◆ **RECORDS PROVIDED**:

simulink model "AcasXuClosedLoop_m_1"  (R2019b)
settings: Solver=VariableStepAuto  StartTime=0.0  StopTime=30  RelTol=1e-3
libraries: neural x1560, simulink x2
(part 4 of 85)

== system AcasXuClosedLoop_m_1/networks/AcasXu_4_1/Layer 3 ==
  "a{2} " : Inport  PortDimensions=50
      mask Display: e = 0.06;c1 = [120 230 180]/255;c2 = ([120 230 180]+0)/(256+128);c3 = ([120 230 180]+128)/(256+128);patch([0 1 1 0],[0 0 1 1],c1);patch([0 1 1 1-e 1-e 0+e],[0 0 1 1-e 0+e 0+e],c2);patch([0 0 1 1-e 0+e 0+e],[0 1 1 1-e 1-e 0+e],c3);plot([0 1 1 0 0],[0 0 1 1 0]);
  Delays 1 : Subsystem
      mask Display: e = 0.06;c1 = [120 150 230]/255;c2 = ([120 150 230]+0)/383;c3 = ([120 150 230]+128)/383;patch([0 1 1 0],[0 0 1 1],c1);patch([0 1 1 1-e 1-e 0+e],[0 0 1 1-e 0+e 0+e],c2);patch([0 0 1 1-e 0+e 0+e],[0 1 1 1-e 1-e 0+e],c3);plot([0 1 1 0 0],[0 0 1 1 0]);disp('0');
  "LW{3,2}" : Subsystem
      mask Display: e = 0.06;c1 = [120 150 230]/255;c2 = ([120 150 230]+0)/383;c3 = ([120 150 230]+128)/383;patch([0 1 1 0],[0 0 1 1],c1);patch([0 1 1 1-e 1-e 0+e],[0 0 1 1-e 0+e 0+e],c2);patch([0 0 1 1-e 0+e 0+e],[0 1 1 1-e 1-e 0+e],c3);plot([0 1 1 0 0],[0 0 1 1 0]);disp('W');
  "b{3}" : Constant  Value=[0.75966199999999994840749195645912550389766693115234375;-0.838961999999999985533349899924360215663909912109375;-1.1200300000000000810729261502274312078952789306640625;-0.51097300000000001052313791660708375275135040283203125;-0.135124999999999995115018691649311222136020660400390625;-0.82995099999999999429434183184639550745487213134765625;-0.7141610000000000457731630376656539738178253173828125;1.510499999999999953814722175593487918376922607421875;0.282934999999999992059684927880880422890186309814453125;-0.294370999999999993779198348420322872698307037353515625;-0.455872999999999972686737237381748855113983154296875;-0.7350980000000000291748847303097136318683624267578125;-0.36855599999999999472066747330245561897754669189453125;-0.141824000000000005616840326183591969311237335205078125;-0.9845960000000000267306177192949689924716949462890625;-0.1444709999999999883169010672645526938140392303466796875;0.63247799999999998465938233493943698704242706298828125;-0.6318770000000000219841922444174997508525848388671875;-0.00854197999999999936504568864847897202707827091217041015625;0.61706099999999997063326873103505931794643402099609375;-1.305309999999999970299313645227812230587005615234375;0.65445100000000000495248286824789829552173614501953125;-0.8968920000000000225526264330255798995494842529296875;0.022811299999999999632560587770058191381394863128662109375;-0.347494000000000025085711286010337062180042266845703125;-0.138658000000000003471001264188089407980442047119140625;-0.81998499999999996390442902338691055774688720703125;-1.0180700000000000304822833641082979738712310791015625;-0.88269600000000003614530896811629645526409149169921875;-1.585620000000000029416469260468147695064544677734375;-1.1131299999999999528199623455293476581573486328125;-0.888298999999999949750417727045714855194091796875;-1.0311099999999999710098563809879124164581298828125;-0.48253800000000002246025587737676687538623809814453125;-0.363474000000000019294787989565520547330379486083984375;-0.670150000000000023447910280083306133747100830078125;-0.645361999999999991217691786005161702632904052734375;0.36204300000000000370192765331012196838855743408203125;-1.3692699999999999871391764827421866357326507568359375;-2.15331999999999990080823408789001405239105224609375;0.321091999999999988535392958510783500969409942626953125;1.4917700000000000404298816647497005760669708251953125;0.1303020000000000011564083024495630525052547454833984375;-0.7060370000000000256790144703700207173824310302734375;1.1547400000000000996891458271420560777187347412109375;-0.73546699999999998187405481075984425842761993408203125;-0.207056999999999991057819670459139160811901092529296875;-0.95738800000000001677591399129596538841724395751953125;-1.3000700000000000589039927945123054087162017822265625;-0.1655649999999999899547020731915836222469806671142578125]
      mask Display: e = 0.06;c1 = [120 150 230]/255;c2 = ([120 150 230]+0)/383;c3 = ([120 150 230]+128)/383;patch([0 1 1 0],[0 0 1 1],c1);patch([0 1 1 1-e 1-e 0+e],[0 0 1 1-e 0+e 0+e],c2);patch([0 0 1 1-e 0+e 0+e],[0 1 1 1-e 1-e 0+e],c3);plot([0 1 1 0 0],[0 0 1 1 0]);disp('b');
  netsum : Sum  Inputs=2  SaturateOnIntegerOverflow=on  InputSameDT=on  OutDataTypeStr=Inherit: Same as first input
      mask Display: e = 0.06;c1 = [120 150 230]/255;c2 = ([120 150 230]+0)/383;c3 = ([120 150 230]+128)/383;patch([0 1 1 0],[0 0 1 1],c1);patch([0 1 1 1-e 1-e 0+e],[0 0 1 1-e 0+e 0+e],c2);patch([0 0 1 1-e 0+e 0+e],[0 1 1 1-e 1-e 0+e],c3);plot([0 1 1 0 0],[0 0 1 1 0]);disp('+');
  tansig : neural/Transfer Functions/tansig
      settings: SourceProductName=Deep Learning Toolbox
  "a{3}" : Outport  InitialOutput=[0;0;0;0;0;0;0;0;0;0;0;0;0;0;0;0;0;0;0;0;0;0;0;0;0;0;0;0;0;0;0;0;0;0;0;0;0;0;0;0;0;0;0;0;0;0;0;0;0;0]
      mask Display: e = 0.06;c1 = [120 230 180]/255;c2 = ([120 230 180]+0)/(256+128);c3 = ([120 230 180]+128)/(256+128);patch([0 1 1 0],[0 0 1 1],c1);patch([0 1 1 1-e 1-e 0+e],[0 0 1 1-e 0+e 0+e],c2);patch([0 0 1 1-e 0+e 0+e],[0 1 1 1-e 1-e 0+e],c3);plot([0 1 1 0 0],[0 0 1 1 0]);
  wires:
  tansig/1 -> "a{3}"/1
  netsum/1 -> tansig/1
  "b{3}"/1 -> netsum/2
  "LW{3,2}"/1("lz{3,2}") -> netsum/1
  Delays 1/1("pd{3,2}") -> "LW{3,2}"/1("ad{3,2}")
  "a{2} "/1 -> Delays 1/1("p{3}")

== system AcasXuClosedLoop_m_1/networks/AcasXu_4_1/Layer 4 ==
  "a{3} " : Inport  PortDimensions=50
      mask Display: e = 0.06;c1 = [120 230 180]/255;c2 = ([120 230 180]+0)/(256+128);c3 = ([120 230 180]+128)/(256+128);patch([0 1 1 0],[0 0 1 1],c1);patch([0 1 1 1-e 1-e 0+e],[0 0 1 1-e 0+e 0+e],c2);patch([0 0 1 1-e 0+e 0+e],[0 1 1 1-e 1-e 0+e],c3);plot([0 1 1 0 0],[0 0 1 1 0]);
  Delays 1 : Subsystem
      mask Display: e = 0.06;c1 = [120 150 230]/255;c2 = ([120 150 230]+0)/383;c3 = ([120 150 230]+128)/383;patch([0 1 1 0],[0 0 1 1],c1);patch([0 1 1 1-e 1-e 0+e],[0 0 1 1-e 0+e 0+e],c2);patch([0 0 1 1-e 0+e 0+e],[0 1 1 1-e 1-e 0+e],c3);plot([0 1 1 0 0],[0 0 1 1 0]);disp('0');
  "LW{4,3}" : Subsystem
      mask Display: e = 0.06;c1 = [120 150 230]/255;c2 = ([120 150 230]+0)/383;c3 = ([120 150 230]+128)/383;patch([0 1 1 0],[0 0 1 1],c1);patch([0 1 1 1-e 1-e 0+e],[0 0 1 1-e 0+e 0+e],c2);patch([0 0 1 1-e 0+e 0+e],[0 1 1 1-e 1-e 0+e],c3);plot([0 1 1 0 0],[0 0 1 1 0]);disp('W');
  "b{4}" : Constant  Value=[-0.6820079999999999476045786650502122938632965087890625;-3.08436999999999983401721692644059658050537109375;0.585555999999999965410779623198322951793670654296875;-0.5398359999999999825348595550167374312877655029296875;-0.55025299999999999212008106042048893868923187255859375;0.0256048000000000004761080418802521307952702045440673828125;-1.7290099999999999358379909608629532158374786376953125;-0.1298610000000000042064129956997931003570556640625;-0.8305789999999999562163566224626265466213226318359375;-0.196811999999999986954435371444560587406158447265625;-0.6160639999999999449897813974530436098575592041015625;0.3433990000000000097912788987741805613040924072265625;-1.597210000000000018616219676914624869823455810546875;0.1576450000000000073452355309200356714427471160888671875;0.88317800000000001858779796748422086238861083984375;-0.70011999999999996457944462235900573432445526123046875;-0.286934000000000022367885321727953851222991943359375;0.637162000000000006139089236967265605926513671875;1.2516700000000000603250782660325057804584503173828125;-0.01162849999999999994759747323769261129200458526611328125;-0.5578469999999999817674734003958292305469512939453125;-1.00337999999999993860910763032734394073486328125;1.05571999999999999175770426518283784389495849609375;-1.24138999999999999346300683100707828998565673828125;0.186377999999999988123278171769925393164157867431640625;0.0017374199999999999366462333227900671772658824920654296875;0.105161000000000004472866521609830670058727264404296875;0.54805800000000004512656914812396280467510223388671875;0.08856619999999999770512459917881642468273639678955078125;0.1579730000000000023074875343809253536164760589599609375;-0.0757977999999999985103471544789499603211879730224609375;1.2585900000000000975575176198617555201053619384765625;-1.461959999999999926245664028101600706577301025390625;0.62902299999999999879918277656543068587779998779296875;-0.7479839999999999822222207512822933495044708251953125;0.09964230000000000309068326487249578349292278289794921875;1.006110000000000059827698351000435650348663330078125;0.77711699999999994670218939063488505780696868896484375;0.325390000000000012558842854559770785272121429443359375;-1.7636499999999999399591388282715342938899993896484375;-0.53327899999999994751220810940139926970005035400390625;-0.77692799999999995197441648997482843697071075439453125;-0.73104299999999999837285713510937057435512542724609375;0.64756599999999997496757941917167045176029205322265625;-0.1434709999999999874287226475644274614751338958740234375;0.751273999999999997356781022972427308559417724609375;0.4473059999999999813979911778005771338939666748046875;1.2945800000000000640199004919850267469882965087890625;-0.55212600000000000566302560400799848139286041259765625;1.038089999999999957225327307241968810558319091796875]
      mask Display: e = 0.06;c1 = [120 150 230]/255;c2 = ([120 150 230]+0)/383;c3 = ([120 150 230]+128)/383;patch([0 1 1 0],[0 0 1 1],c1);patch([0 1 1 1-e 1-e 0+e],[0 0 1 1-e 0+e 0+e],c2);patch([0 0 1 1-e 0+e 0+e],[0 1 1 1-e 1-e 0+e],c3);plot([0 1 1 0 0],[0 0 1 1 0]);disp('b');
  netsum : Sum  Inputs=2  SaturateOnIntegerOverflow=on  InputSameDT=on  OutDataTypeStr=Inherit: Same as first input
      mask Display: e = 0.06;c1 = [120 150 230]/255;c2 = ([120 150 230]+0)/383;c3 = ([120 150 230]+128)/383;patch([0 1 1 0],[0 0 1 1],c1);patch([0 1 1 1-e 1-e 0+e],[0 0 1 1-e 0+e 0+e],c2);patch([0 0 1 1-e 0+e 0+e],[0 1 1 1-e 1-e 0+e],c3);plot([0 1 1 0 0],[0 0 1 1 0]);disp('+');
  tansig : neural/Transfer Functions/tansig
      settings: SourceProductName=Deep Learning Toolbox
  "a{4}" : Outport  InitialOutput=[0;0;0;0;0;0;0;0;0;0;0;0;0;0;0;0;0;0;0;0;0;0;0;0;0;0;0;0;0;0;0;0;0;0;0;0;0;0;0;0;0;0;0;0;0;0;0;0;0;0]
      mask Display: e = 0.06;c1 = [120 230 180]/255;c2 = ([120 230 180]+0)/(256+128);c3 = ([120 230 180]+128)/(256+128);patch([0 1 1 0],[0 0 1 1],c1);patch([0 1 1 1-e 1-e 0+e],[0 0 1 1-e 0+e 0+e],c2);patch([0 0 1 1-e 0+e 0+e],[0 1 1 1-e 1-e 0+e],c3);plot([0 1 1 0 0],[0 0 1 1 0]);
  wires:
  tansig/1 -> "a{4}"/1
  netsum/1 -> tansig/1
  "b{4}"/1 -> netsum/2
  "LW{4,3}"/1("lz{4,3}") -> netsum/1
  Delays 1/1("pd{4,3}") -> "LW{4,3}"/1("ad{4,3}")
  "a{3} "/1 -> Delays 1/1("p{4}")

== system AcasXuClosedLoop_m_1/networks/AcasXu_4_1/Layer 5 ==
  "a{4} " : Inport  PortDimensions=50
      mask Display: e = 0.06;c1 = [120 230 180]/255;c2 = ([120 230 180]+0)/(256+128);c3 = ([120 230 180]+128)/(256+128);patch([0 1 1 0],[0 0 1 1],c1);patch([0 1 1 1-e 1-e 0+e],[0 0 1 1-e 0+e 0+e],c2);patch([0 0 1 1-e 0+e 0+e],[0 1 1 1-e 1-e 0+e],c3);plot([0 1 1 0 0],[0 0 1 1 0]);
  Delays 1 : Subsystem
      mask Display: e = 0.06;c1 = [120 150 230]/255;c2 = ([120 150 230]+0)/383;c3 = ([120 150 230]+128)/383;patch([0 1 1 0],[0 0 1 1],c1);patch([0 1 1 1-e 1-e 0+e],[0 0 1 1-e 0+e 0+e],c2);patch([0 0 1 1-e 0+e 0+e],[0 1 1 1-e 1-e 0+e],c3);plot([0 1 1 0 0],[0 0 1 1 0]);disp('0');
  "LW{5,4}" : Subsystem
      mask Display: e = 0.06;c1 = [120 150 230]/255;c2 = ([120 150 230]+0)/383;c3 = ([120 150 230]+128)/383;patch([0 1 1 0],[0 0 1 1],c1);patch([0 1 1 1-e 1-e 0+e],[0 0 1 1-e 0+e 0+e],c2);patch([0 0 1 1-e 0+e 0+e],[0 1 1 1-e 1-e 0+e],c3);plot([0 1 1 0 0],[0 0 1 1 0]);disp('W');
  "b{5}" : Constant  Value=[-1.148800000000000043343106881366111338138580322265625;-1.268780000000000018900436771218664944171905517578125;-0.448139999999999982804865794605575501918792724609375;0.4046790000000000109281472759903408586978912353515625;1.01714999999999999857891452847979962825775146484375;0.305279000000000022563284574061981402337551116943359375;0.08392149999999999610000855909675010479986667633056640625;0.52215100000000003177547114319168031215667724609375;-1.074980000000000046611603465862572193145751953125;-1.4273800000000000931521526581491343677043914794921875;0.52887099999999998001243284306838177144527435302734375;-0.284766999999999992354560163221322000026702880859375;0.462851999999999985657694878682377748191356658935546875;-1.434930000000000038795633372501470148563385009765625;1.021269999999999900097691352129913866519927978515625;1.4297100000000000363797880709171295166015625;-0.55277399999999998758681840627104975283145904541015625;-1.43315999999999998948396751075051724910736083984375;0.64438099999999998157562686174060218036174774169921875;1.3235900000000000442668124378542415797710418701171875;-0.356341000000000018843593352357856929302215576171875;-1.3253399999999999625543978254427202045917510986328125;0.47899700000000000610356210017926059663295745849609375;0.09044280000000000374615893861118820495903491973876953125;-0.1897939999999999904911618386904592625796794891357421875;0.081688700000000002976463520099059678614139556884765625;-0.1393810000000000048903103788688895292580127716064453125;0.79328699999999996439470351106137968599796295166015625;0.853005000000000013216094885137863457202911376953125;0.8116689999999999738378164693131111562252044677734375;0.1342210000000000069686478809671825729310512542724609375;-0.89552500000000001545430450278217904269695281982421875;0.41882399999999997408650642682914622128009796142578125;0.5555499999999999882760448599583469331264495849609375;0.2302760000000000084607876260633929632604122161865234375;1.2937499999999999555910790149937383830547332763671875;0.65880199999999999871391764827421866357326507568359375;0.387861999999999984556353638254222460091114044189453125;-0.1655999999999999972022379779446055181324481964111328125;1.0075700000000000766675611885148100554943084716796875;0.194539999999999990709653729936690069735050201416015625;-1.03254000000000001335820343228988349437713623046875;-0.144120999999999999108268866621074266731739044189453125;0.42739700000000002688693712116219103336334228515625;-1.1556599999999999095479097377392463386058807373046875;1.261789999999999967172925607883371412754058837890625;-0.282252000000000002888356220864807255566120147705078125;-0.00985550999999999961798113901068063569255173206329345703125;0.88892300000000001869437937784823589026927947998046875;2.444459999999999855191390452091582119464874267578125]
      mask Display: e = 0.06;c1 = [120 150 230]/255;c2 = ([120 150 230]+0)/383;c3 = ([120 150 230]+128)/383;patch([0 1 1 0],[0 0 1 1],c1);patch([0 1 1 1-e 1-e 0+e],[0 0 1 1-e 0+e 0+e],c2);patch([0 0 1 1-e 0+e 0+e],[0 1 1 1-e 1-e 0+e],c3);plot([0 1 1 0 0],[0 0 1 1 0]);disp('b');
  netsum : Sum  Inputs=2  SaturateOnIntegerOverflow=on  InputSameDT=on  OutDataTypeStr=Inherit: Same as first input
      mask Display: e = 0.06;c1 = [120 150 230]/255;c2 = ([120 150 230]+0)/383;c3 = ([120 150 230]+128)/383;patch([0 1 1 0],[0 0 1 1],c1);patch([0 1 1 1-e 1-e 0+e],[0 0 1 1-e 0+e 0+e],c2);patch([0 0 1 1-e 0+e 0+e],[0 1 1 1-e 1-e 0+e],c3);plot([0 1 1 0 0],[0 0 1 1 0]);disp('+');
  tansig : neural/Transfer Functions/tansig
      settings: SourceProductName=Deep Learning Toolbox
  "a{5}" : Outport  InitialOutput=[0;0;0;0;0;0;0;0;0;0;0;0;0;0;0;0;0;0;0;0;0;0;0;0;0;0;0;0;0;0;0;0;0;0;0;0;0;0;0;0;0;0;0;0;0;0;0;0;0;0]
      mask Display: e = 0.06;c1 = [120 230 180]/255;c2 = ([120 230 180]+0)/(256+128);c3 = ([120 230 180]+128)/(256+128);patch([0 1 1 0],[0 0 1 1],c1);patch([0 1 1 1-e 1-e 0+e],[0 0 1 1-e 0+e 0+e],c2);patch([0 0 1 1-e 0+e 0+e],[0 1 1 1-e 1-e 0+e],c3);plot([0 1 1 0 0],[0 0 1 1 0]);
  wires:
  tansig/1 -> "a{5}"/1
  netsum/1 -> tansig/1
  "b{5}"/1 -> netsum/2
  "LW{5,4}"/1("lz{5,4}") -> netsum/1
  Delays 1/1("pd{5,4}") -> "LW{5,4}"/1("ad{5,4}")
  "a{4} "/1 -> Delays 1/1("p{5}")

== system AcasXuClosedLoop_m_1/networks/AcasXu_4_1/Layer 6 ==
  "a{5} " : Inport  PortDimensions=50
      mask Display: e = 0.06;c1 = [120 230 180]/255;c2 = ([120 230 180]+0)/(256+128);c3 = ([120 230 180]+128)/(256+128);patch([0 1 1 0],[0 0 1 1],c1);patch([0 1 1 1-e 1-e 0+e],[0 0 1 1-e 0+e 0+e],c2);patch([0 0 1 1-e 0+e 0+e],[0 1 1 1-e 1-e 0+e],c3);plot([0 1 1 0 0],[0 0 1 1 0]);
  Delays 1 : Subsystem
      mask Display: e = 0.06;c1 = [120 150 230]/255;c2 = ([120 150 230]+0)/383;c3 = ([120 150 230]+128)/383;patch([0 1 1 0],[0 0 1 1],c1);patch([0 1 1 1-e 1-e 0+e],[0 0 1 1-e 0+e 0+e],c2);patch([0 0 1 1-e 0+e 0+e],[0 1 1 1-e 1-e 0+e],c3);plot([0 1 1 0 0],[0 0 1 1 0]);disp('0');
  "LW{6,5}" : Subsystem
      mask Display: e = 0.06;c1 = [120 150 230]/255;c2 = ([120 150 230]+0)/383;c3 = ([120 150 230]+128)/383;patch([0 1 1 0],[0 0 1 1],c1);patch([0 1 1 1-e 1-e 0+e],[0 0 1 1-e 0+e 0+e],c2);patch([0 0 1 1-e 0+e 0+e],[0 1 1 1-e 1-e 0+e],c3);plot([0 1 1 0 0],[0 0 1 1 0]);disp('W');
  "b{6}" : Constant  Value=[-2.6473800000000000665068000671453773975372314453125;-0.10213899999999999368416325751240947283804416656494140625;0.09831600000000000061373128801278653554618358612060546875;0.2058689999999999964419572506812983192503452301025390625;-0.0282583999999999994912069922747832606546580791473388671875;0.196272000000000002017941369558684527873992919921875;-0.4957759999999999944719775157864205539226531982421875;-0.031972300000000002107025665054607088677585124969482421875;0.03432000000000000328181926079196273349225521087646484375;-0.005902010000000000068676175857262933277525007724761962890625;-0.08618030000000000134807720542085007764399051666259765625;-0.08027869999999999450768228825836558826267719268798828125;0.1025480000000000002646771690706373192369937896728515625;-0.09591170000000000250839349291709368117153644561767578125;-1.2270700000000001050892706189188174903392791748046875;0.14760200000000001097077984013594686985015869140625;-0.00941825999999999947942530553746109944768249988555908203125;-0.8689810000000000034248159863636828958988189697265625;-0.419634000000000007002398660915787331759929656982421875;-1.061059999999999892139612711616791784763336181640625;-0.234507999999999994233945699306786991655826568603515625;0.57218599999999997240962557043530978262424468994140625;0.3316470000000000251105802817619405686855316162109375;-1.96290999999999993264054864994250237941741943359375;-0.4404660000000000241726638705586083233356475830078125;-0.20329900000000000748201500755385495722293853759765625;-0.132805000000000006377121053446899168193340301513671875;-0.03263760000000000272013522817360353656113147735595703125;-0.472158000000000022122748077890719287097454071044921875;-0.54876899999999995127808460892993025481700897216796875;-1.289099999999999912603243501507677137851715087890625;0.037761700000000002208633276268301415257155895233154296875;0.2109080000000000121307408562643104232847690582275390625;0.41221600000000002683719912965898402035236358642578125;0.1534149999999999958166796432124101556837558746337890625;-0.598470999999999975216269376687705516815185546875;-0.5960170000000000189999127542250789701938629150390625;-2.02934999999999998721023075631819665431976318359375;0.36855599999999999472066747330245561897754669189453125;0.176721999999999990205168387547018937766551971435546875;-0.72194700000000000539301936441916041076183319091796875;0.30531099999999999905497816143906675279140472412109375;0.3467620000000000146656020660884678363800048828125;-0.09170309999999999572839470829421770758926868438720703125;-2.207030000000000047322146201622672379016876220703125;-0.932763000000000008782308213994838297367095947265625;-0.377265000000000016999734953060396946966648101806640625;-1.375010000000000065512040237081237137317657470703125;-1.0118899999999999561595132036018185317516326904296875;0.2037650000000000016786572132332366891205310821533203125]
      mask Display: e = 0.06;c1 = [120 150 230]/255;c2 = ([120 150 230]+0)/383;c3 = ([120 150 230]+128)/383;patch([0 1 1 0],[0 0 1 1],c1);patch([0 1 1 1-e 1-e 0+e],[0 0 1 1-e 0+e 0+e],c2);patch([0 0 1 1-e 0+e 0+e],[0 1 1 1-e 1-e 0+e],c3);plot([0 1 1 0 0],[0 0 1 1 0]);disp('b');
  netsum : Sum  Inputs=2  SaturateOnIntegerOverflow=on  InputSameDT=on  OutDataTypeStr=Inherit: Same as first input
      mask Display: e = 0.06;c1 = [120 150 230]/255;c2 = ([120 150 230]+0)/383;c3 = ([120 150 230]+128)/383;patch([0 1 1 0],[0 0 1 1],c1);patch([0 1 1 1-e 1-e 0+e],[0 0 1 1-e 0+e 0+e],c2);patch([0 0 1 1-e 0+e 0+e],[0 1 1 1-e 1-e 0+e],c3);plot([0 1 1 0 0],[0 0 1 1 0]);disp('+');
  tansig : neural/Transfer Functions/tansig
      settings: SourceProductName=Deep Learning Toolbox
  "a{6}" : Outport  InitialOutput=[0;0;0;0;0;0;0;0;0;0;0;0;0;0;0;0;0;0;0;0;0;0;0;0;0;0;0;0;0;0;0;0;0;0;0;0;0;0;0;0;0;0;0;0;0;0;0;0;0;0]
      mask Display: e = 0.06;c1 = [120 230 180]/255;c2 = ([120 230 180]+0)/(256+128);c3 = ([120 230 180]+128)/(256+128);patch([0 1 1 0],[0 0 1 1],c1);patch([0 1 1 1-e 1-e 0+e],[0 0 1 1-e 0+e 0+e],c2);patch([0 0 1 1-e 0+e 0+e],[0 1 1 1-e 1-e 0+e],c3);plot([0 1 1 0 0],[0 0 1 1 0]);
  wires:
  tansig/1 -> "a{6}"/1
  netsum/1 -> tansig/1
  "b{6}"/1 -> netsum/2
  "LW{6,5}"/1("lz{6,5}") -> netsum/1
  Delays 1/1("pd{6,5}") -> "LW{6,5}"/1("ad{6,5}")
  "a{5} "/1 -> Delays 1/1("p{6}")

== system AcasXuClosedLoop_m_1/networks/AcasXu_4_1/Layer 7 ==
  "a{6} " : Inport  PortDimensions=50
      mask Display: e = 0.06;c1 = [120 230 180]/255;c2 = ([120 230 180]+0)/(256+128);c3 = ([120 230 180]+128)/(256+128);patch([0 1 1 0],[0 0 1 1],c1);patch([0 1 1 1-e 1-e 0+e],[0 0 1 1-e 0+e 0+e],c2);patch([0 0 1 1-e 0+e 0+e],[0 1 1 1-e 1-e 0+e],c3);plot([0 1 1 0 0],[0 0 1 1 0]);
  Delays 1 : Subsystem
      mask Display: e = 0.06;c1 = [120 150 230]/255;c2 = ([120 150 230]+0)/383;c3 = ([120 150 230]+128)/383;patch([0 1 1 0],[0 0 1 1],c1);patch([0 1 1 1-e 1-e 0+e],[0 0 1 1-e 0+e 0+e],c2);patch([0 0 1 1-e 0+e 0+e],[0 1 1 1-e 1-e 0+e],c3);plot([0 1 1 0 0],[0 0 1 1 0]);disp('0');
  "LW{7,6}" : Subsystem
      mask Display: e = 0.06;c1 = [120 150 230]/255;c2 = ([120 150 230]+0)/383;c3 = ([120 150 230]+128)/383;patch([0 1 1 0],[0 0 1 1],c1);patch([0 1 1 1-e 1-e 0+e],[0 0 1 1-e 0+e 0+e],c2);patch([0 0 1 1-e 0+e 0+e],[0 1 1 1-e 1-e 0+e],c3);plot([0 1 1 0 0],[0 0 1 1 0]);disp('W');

◆ **TASK DIRECTIONS**: Where a line above holds the word "networks", copy it.

◆ **RESPONSE AREA**:
== system AcasXuClosedLoop_m_1/networks/AcasXu_4_1/Layer 3 ==
== system AcasXuClosedLoop_m_1/networks/AcasXu_4_1/Layer 4 ==
== system AcasXuClosedLoop_m_1/networks/AcasXu_4_1/Layer 5 ==
== system AcasXuClosedLoop_m_1/networks/AcasXu_4_1/Layer 6 ==
== system AcasXuClosedLoop_m_1/networks/AcasXu_4_1/Layer 7 ==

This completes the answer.